Stored data entries:
************

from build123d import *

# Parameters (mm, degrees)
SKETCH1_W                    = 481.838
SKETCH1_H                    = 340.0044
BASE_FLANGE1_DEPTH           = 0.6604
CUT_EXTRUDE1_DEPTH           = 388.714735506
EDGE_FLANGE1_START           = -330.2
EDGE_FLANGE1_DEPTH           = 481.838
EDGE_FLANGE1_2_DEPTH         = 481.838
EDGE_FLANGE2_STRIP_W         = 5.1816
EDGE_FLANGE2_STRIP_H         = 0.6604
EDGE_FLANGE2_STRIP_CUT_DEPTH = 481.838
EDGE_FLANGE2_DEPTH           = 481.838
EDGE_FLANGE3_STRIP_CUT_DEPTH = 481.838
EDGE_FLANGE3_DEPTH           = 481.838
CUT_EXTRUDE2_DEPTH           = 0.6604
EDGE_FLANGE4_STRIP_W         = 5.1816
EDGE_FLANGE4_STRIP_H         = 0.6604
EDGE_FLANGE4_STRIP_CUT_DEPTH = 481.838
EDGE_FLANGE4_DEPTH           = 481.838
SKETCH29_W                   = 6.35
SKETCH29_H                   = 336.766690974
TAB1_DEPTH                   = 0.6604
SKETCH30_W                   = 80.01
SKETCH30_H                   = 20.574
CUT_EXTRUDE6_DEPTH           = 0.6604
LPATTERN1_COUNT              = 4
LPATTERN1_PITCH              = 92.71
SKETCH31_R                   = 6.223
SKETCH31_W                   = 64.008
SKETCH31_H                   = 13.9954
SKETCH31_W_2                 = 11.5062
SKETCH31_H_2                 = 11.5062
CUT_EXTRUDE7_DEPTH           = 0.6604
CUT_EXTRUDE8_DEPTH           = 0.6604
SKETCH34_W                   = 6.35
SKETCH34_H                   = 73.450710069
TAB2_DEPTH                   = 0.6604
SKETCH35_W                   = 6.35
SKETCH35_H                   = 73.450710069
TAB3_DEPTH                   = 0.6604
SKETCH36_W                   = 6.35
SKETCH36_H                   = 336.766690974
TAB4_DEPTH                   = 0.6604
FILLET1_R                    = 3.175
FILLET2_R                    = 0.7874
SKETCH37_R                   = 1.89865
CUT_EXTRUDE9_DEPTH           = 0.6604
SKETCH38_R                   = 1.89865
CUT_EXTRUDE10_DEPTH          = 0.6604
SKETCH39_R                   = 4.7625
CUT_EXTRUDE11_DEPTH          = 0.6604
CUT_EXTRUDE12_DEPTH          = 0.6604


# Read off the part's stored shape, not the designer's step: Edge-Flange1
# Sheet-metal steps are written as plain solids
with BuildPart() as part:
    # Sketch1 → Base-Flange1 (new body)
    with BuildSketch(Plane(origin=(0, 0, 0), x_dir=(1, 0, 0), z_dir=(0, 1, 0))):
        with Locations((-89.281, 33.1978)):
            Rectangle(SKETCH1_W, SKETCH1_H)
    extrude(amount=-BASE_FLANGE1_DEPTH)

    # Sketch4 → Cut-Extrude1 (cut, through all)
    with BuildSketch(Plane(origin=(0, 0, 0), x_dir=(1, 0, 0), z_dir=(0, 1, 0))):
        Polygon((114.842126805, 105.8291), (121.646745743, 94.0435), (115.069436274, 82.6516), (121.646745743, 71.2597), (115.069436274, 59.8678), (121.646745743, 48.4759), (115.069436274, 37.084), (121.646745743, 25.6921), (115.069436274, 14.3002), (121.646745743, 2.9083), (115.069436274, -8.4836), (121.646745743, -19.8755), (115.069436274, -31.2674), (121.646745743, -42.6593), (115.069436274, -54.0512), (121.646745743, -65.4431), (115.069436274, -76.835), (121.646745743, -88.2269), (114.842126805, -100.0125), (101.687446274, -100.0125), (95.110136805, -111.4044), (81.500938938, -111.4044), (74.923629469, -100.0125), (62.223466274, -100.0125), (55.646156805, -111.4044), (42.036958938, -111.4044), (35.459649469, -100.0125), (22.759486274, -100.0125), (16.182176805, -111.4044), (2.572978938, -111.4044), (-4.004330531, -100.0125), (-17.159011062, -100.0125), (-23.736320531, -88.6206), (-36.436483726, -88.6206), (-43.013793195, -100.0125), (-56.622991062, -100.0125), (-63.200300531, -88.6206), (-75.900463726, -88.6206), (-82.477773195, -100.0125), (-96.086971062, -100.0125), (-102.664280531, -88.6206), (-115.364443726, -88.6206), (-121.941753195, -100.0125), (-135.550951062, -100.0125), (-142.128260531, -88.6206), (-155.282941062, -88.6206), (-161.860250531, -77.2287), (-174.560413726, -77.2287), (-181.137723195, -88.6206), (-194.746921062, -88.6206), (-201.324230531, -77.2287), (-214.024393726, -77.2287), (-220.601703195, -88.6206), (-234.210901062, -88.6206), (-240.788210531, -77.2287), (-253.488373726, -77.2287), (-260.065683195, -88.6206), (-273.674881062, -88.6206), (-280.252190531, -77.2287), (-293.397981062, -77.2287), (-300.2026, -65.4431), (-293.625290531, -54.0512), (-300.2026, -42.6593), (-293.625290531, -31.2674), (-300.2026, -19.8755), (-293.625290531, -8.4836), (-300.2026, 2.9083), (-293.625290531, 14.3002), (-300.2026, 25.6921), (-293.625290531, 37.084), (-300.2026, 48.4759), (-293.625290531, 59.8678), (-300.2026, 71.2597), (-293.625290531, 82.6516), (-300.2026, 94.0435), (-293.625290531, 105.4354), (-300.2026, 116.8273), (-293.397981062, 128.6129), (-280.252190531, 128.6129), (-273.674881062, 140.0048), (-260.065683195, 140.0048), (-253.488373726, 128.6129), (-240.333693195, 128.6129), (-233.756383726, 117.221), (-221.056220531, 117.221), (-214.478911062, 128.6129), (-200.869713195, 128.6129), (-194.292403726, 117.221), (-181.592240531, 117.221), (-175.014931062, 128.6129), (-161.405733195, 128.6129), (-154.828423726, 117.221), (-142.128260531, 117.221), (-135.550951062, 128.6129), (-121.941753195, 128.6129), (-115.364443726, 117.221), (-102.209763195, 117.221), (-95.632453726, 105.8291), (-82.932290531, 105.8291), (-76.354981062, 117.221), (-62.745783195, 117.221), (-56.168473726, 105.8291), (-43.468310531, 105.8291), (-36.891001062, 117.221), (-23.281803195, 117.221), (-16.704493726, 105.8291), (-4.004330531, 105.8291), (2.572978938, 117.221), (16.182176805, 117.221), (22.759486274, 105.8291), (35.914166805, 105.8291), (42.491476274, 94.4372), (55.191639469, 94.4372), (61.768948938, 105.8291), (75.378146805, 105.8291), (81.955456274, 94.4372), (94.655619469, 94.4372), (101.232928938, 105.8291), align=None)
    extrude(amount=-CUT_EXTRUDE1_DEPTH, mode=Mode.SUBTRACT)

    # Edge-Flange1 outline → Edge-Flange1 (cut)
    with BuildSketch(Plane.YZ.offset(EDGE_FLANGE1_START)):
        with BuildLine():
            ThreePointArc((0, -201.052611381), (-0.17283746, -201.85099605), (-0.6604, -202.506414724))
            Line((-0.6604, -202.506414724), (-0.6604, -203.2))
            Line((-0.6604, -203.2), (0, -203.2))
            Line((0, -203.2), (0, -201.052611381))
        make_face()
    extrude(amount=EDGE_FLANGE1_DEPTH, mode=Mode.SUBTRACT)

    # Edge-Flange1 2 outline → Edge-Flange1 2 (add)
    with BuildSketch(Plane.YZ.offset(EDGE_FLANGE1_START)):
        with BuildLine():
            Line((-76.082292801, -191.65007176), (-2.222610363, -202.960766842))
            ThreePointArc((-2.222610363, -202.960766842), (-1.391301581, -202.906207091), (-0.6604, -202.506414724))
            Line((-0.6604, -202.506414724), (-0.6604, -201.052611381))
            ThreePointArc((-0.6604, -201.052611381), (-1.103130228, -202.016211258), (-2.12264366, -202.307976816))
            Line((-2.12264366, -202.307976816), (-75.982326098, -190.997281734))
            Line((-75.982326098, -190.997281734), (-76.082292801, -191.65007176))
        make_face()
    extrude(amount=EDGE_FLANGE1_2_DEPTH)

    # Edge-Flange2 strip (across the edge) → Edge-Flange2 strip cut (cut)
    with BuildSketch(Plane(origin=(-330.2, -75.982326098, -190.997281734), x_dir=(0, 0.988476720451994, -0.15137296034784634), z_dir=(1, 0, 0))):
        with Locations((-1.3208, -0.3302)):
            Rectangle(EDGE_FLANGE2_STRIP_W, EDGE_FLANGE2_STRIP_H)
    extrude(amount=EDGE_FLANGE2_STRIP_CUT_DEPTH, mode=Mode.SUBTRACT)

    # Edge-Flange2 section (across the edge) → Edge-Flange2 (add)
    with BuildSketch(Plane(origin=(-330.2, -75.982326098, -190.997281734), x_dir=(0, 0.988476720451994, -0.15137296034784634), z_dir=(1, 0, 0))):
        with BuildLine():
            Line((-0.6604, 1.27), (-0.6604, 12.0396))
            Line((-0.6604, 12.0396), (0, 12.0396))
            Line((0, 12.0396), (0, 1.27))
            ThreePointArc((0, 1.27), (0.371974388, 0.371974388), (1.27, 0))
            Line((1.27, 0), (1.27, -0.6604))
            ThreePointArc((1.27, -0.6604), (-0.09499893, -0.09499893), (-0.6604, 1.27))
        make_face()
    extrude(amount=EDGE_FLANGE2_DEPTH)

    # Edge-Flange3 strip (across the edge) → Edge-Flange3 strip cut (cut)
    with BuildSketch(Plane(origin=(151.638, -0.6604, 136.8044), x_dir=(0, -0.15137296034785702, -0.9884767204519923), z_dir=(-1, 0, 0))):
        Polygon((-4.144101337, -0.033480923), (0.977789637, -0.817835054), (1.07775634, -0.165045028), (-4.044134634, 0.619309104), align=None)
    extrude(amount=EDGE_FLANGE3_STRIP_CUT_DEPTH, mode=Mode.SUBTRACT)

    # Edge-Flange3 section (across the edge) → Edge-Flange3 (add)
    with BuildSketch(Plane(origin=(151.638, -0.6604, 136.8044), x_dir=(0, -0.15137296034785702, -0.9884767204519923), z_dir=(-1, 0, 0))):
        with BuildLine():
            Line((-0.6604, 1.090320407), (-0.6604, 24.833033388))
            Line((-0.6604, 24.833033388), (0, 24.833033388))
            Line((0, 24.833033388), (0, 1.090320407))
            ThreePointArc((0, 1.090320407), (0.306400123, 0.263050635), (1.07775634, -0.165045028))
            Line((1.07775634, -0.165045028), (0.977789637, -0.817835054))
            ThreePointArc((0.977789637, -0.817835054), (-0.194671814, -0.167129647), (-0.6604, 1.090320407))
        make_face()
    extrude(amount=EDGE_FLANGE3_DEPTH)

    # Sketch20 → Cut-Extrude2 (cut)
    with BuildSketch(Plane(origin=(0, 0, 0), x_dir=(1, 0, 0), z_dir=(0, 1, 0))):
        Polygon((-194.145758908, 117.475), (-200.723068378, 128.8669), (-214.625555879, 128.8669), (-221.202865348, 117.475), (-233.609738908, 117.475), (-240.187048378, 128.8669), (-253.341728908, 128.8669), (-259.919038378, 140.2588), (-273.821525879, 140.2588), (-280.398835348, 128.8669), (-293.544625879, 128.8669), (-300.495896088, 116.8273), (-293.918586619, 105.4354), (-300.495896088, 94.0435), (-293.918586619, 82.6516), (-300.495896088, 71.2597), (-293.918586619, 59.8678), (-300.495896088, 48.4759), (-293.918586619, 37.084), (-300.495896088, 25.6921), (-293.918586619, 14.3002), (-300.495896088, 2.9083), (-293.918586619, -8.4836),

************

**Problem statement**
Your reply should be the number of lines in the entries that contain "section", nothing more.

**Finished exercise**
2